For the past two days, my 12 year old female cat has been behaving a little differently. She's a little large, but closer to average. She's been healthy all of her life. I know, she's a little old, but she's always acted like a young cat. Her name is Diamonds (a girl's best friend  She's always very talkative, especially in the mornings when she's ready to be fed. She jumps on the bed and the couch, or wherever I am and always meows to go outside in the backyard. Diamonds is very playful, happy, and optimistic, even at 12. 

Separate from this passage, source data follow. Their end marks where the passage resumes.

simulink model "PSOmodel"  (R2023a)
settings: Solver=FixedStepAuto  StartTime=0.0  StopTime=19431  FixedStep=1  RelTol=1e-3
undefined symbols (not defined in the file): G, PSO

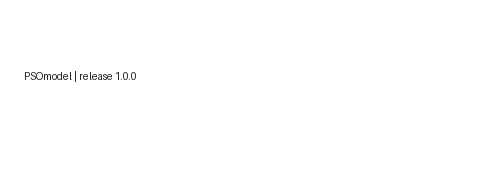
[thumbnail: Simulink's stored preview of the top-level diagram]
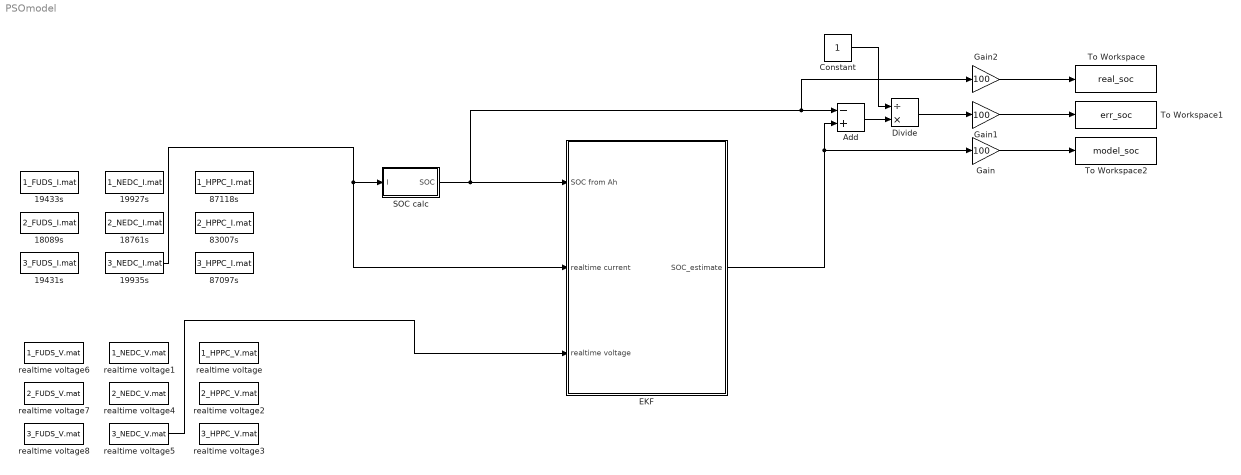
== system PSOmodel ==
  18089s : FromFile  FileName=2_FUDS_I.mat  SampleTime=0
  18761s : FromFile  FileName=2_NEDC_I.mat  SampleTime=0
  19431s : FromFile  FileName=3_FUDS_I.mat  SampleTime=0
  19433s : FromFile  FileName=1_FUDS_I.mat  SampleTime=0
  19927s : FromFile  FileName=1_NEDC_I.mat  SampleTime=0
  19935s : FromFile  FileName=3_NEDC_I.mat  SampleTime=0
  83007s : FromFile  FileName=2_HPPC_I.mat  SampleTime=0
  87097s : FromFile  FileName=3_HPPC_I.mat  SampleTime=0
  87118s : FromFile  FileName=1_HPPC_I.mat  SampleTime=0
  Add : Sum  Inputs=-+
  Constant : Constant
  Divide : Product  Inputs=/*
  EKF : Subsystem
  Gain : Gain  Gain=100
  Gain1 : Gain  Gain=100
  Gain2 : Gain  Gain=100
  SOC calc : Subsystem
  To Workspace : ToWorkspace  VariableName=real_soc  SaveFormat=Timeseries  SampleTime=-1
  To Workspace1 : ToWorkspace  VariableName=err_soc  SaveFormat=Timeseries  SampleTime=-1
  To Workspace2 : ToWorkspace  VariableName=model_soc  SaveFormat=Timeseries  SampleTime=-1
  realtime voltage : FromFile  FileName=1_HPPC_V.mat  SampleTime=0
  realtime voltage1 : FromFile  FileName=1_NEDC_V.mat  SampleTime=0
  realtime voltage2 : FromFile  FileName=2_HPPC_V.mat  SampleTime=0
  realtime voltage3 : FromFile  FileName=3_HPPC_V.mat  SampleTime=0
  realtime voltage4 : FromFile  FileName=2_NEDC_V.mat  SampleTime=0
  realtime voltage5 : FromFile  FileName=3_NEDC_V.mat  SampleTime=0
  realtime voltage6 : FromFile  FileName=1_FUDS_V.mat  SampleTime=0
  realtime voltage7 : FromFile  FileName=2_FUDS_V.mat  SampleTime=0
  realtime voltage8 : FromFile  FileName=3_FUDS_V.mat  SampleTime=0
  wires:
  19935s/1 -> EKF/2(realtime current), SOC calc/1(I)
  EKF/1(SOC_estimate) -> Gain/1, Add/2
  Add/1 -> Divide/2
  realtime voltage5/1 -> EKF/3("realtime voltage ")
  Divide/1 -> Gain1/1
  Gain/1 -> To Workspace2/1
  Constant/1 -> Divide/1
  Gain2/1 -> To Workspace/1
  Gain1/1 -> To Workspace1/1
  SOC calc/1(SOC) -> Gain2/1, Add/1, EKF/1(SOC from Ah)

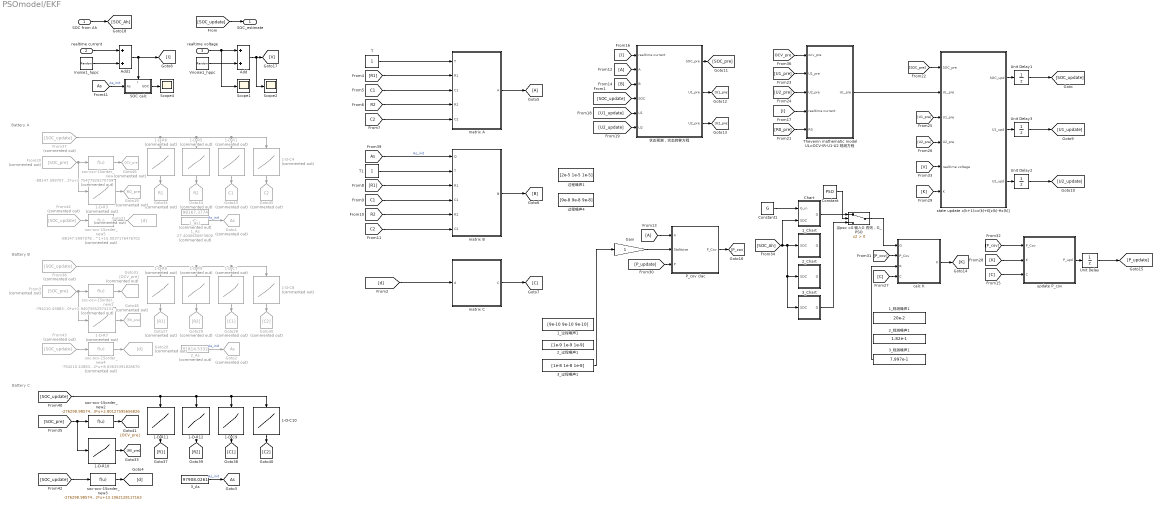
== system PSOmodel/EKF ==
  note: Battery C
  note: Battery B
  note: Battery A
  SOC from Ah : Inport
  realtime current : Inport  Port=2
  "realtime voltage " : Inport  Port=3
  1-D-C10 : Lookup_n-D  NumberOfTableDimensions=1  BreakpointsForDimension1=[2.9109E-07, 0.034704903, 0.080678392, 0.126651918, 0.172626069, 0.218599963, 0.264561539, 0.310535727, 0.35649723, 0.402458916, 0.448432994, 0.494395195, 0.540356772, 0.586318863, 0.632281101, 0.678243265, 0.724205797, 0.770168256, 0.81613042, 0.862092732, 0.908054492, 0.954027467]  Table=[2196.493417, 6254.414395, 10027.09575, 11640.94595, 15150.56735, 14939.39571, 22277.23726, 21788.57636, 21198.25628, 16155.2285, 17423.71863, 20324.46195, 14880.37747, 17370.84513, 17908.76661, 37791.77026, 30450.72328, 20196.6933, 17282.88891, 15011.20802, 15927.09163, 25703.81768]  InternalRulePriority=Speed  RndMeth=Simplest
  1-D-C4 : Lookup_n-D  Commented=on  NumberOfTableDimensions=1  BreakpointsForDimension1=[-1.87350000000000e-16 0.0372369600000000 0.0830859250000000 0.128934580000000 0.174779663000000 0.220625308000000 0.266470959000000 0.312315714000000 0.358160890000000 0.404006225000000 0.449851236000000 0.495695831000000 0.541540865000000 0.587386376000000 0.633231553000000 0.679076361000000 0.724921708000000 0.770765746000000 0.816610252000000 0.862454330000000 0.908300370000000 0.954150372000000]  Table=[128354.582000000 465098.236000000 494756.285300000 743304.727400000 722463.651900000 811208.927300000 406248.240800000 454089.078800000 480121.157400000 703814.335700000 645290.670500000 845206.089900000 863339.383500000 831786.696500000 413452.541700000 382645.914900000 796268.796700000 831394.125000000 798423.035300000 722500.010700000 1812473.80600000 1386271.68100000]  InternalRulePriority=Speed  RndMeth=Simplest
  1-D-C7 : Lookup_n-D  Commented=on  NumberOfTableDimensions=1  BreakpointsForDimension1=[-7.8419E-08, 0.019714291, 0.068728061, 0.117742026, 0.166756071, 0.21576937, 0.264783571, 0.313798204, 0.362812366, 0.411826096, 0.460839905, 0.50985442, 0.55886819, 0.60788247, 0.656896828, 0.705911421, 0.754926406, 0.803941313, 0.852956063, 0.901970617, 0.950985446]  Table=[225214.1434, 187025.2766, 296294.3583, 325129.1549, 382794.7295, 371710.2995, 353976.6676, 381282.3938, 488296.3231, 462238.5316, 712185.7898, 891276.2929, 786232.5864, 455006.0004, 322811.3497, 309379.8901, 321116.448, 741388.8307, 942394.5955, 1060535.922, 1063695.943]  InternalRulePriority=Speed  RndMeth=Simplest
  1-D-C8 : Lookup_n-D  Commented=on  NumberOfTableDimensions=1  BreakpointsForDimension1=[-7.8419E-08, 0.019714291, 0.068728061, 0.117742026, 0.166756071, 0.21576937, 0.264783571, 0.313798204, 0.362812366, 0.411826096, 0.460839905, 0.50985442, 0.55886819, 0.60788247, 0.656896828, 0.705911421, 0.754926406, 0.803941313, 0.852956063, 0.901970617, 0.950985446]  Table=[1671.127633, 1673.968389, 4565.243665, 6209.535618, 11242.6131, 9787.657058, 11449.06044, 14014.79555, 15699.36024, 13663.69917, 14717.09328, 14685.37445, 16462.66037, 11898.52641, 12704.67604, 16178.70649, 18177.54925, 20734.64693, 17610.56739, 15941.06135, 15784.62672]  InternalRulePriority=Speed  RndMeth=Simplest
  1-D-C9 : Lookup_n-D  NumberOfTableDimensions=1  BreakpointsForDimension1=[2.9109E-07, 0.034704903, 0.080678392, 0.126651918, 0.172626069, 0.218599963, 0.264561539, 0.310535727, 0.35649723, 0.402458916, 0.448432994, 0.494395195, 0.540356772, 0.586318863, 0.632281101, 0.678243265, 0.724205797, 0.770168256, 0.81613042, 0.862092732, 0.908054492, 0.954027467]  Table=[148211.7874, 379943.691, 507178.8648, 540877.9099, 565031.5977, 599113.5276, 468851.5567, 439228.3613, 564632.19, 525250.0917, 713932.6032, 938377.816, 623343.6413, 597265.7355, 374444.1491, 318686.1875, 638311.9656, 790877.9592, 883896.1639, 825362.4483, 795349.2136, 1510862.771]  InternalRulePriority=Speed  RndMeth=Simplest
  1-D-R1 : Lookup_n-D  Commented=on  NumberOfTableDimensions=1  BreakpointsForDimension1=[-1.87350000000000e-16 0.0372369600000000 0.0830859250000000 0.128934580000000 0.174779663000000 0.220625308000000 0.266470959000000 0.312315714000000 0.358160890000000 0.404006225000000 0.449851236000000 0.495695831000000 0.541540865000000 0.587386376000000 0.633231553000000 0.679076361000000 0.724921708000000 0.770765746000000 0.816610252000000 0.862454330000000 0.908300370000000 0.954150372000000]  Table=[0.00810316000000000 0.00251698500000000 0.00186214400000000 0.00178860800000000 0.00152974100000000 0.00147679700000000 0.00190128400000000 0.00201018500000000 0.00174515000000000 0.00143752800000000 0.00133514600000000 0.00126586900000000 0.00125399700000000 0.00138251100000000 0.00279094200000000 0.00218289100000000 0.00138689300000000 0.00122421400000000 0.00113694900000000 0.00107976200000000 0.000788270000000000 0.000893057000000000]  InternalRulePriority=Speed  RndMeth=Simplest
  1-D-R10 : Lookup_n-D  NumberOfTableDimensions=1  BreakpointsForDimension1=[2.9109E-07, 0.034704903, 0.080678392, 0.126651918, 0.172626069, 0.218599963, 0.264561539, 0.310535727, 0.35649723, 0.402458916, 0.448432994, 0.494395195, 0.540356772, 0.586318863, 0.632281101, 0.678243265, 0.724205797, 0.770168256, 0.81613042, 0.862092732, 0.908054492, 0.954027467]  Table=[0.002528647, 0.001936736, 0.001933092, 0.002009272, 0.001857034, 0.001932965, 0.001937093, 0.001860779, 0.001865146, 0.001940916, 0.001785007, 0.001860795, 0.001784893, 0.001792897, 0.001860957, 0.001860919, 0.001788901, 0.0017849, 0.001708766, 0.001708843, 0.001636824, 0.001636826]  InternalRulePriority=Speed  RndMeth=Simplest
  1-D-R11 : Lookup_n-D  NumberOfTableDimensions=1  BreakpointsForDimension1=[2.9109E-07, 0.034704903, 0.080678392, 0.126651918, 0.172626069, 0.218599963, 0.264561539, 0.310535727, 0.35649723, 0.402458916, 0.448432994, 0.494395195, 0.540356772, 0.586318863, 0.632281101, 0.678243265, 0.724205797, 0.770168256, 0.81613042, 0.862092732, 0.908054492, 0.954027467]  Table=[0.007426917, 0.002725754, 0.002056684, 0.002051955, 0.001788462, 0.001933155, 0.002069724, 0.00225684, 0.001884435, 0.0016594, 0.001488249, 0.001395496, 0.001419538, 0.001566898, 0.002844649, 0.002781912, 0.001682693, 0.00138196, 0.001233272, 0.001177427, 0.001101257, 0.000924041]  InternalRulePriority=Speed  RndMeth=Simplest
  1-D-R12 : Lookup_n-D  NumberOfTableDimensions=1  BreakpointsForDimension1=[2.9109E-07, 0.034704903, 0.080678392, 0.126651918, 0.172626069, 0.218599963, 0.264561539, 0.310535727, 0.35649723, 0.402458916, 0.448432994, 0.494395195, 0.540356772, 0.586318863, 0.632281101, 0.678243265, 0.724205797, 0.770168256, 0.81613042, 0.862092732, 0.908054492, 0.954027467]  Table=[0.012678994, 0.006218342, 0.004585322, 0.003481865, 0.003212414, 0.002922909, 0.002535113, 0.002663285, 0.002728817, 0.002644002, 0.002455207, 0.0022745, 0.002186381, 0.002057863, 0.001998786, 0.002105164, 0.002862673, 0.002808045, 0.002531815, 0.002274687, 0.00198128, 0.001756841]  InternalRulePriority=Speed  RndMeth=Simplest
  1-D-R3 : Lookup_n-D  Commented=on  NumberOfTableDimensions=1  BreakpointsForDimension1=[-1.87350000000000e-16 0.0372369600000000 0.0830859250000000 0.128934580000000 0.174779663000000 0.220625308000000 0.266470959000000 0.312315714000000 0.358160890000000 0.404006225000000 0.449851236000000 0.495695831000000 0.541540865000000 0.587386376000000 0.633231553000000 0.679076361000000 0.724921708000000 0.770765746000000 0.816610252000000 0.862454330000000 0.908300370000000 0.954150372000000]  Table=[0.00237719800000000 0.00193720900000000 0.00163261400000000 0.00164061700000000 0.00163282300000000 0.00148875000000000 0.00148875000000000 0.00164061700000000 0.00164082700000000 0.00148892900000000 0.00148912000000000 0.00148875000000000 0.00148875000000000 0.00148875000000000 0.00148875000000000 0.00148856000000000 0.00148892900000000 0.00134450600000000 0.00134467800000000 0.00148856000000000 0.00164082700000000 0.00148856000000000]  InternalRulePriority=Speed  RndMeth=Simplest
  1-D-R5 : Lookup_n-D  Commented=on  NumberOfTableDimensions=1  BreakpointsForDimension1=[-1.87350000000000e-16 0.0372369600000000 0.0830859250000000 0.128934580000000 0.174779663000000 0.220625308000000 0.266470959000000 0.312315714000000 0.358160890000000 0.404006225000000 0.449851236000000 0.495695831000000 0.541540865000000 0.587386376000000 0.633231553000000 0.679076361000000 0.724921708000000 0.770765746000000 0.816610252000000 0.862454330000000 0.908300370000000 0.954150372000000]  Table=[0.00810316000000000 0.00251698500000000 0.00186214400000000 0.00178860800000000 0.00152974100000000 0.00147679700000000 0.00190128400000000 0.00201018500000000 0.00174515000000000 0.00143752800000000 0.00133514600000000 0.00126586900000000 0.00125399700000000 0.00138251100000000 0.00279094200000000 0.00218289100000000 0.00138689300000000 0.00122421400000000 0.00113694900000000 0.00107976200000000 0.000788270000000000 0.000893057000000000]  InternalRulePriority=Speed  RndMeth=Simplest
  1-D-R6 : Lookup_n-D  Commented=on  NumberOfTableDimensions=1  BreakpointsForDimension1=[-1.87350000000000e-16 0.0372369600000000 0.0830859250000000 0.128934580000000 0.174779663000000 0.220625308000000 0.266470959000000 0.312315714000000 0.358160890000000 0.404006225000000 0.449851236000000 0.495695831000000 0.541540865000000 0.587386376000000 0.633231553000000 0.679076361000000 0.724921708000000 0.770765746000000 0.816610252000000 0.862454330000000 0.908300370000000 0.954150372000000]  Table=[0.00853642300000000 0.00464516200000000 0.00372978500000000 0.00280459900000000 0.00271064400000000 0.00238071300000000 0.00215293400000000 0.00228803900000000 0.00239974300000000 0.00228676500000000 0.00209879800000000 0.00194772300000000 0.00181591800000000 0.00170293300000000 0.00173486000000000 0.00212977600000000 0.00261638200000000 0.00242766200000000 0.00219563000000000 0.00194553200000000 0.00171752800000000 0.00157829700000000]  InternalRulePriority=Speed  RndMeth=Simplest
  1-D-R7 : Lookup_n-D  Commented=on  NumberOfTableDimensions=1  BreakpointsForDimension1=[-7.8419E-08, 0.019714291, 0.068728061, 0.117742026, 0.166756071, 0.21576937, 0.264783571, 0.313798204, 0.362812366, 0.411826096, 0.460839905, 0.50985442, 0.55886819, 0.60788247, 0.656896828, 0.705911421, 0.754926406, 0.803941313, 0.852956063, 0.901970617, 0.950985446]  Table=[0.005142418, 0.004920407, 0.004844512, 0.004848168, 0.00477236, 0.004844207, 0.004916611, 0.004768351, 0.004768354, 0.004767743, 0.004920582, 0.00484046, 0.004695644, 0.004619808, 0.004547664, 0.004543704, 0.004467293, 0.004547664, 0.004547368, 0.004399462, 0.004246964]  InternalRulePriority=Speed  RndMeth=Simplest
  1-D-R8 : Lookup_n-D  Commented=on  NumberOfTableDimensions=1  BreakpointsForDimension1=[-7.8419E-08, 0.019714291, 0.068728061, 0.117742026, 0.166756071, 0.21576937, 0.264783571, 0.313798204, 0.362812366, 0.411826096, 0.460839905, 0.50985442, 0.55886819, 0.60788247, 0.656896828, 0.705911421, 0.754926406, 0.803941313, 0.852956063, 0.901970617, 0.950985446]  Table=[0.00461437, 0.004542772, 0.002927848, 0.002489007, 0.00261231, 0.002854022, 0.002839665, 0.002705643, 0.002322517, 0.001930102, 0.001569536, 0.001434529, 0.001559029, 0.002338951, 0.003742684, 0.00311492, 0.00238201, 0.001540864, 0.001263662, 0.001122294, 0.001006783]  InternalRulePriority=Speed  RndMeth=Simplest
  1-D-R9 : Lookup_n-D  Commented=on  NumberOfTableDimensions=1  BreakpointsForDimension1=[-7.8419E-08, 0.019714291, 0.068728061, 0.117742026, 0.166756071, 0.21576937, 0.264783571, 0.313798204, 0.362812366, 0.411826096, 0.460839905, 0.50985442, 0.55886819, 0.60788247, 0.656896828, 0.705911421, 0.754926406, 0.803941313, 0.852956063, 0.901970617, 0.950985446]  Table=[0.022805443, 0.021704309, 0.009347226, 0.005943316, 0.004810936, 0.004550218, 0.004093036, 0.003809411, 0.003763955, 0.003626777, 0.003515244, 0.003368593, 0.002718876, 0.003041587, 0.003017746, 0.002947958, 0.003081328, 0.00338066, 0.003232809, 0.003004131, 0.002690434]  InternalRulePriority=Speed  RndMeth=Simplest
  1_As : Constant  Commented=on  Value=27.40406506*3600
  1_As1 : Constant  Commented=on  Value=98167.3774
  1_Chart : Stateflow chart  TreatAsAtomicUnit=on
  1_观测噪声1 : Constant  Value=20e-2
  1_过程噪声1 : Constant  Value=[9e-10 9e-10 9e-10]
  2_As : Constant  Commented=on  Value=91814.5332
  2_Chart : Stateflow chart  TreatAsAtomicUnit=on
  2_观测噪声1 : Constant  Value=1.82e-1
  2_过程噪声1 : Constant  Value=[1e-9 1e-9 1e-9]
  3_As : Constant  Value=97908.0261
  3_Chart : Stateflow chart  TreatAsAtomicUnit=on
  3_观测噪声1 : Constant  Value=7.997e-1  VectorParams1D=off
  3_过程噪声1 : Constant  Value=[1e-8 1e-8 1e-8]
  Add : Sum
  Add1 : Sum
  Chart : Stateflow chart  TreatAsAtomicUnit=on
      settings: PortSchema="{\"entries\":[{\"content\":{\"sides\":[{\"content\":{\"connectorIds\":[\"In2\",\"In1\"]},\"type\":\"ConnectorPlacement.EquallySpacedRectSide\",\"uuid\":\"e7012a5c-4e88-428d-83d6-0abb774271f4\"},{\"content\":{\"connectorIds\":[\"Out1\"],\"side\":\"RIGHT\"},\"type\":\"ConnectorPlacement.EquallySpacedRectSide\",\"uuid\":\"a64351c2-cb69-49cc-89e3-a743088e35f9\"},{\"content\":{\"side\":\"TOP\"},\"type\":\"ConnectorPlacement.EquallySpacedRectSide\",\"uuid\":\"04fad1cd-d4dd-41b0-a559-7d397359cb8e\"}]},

However, when I pet her, she just feels weak under my hands. She's usually responsive to my petting her and arches her back, but not recently. She's not shooting out from under the bed when she hears me get up for her morning breakfast, like she usually does. She doesn't get on the couch or on the bed. I've realized that when I pet her and my hand goes down to her lower back (right at the beginning of the tail) she meows - not aggressively - but in a way like she's saying "don't touch it". Like it's bruised, or something. Although she was active, she was never so active that she would hurt her back in any way. 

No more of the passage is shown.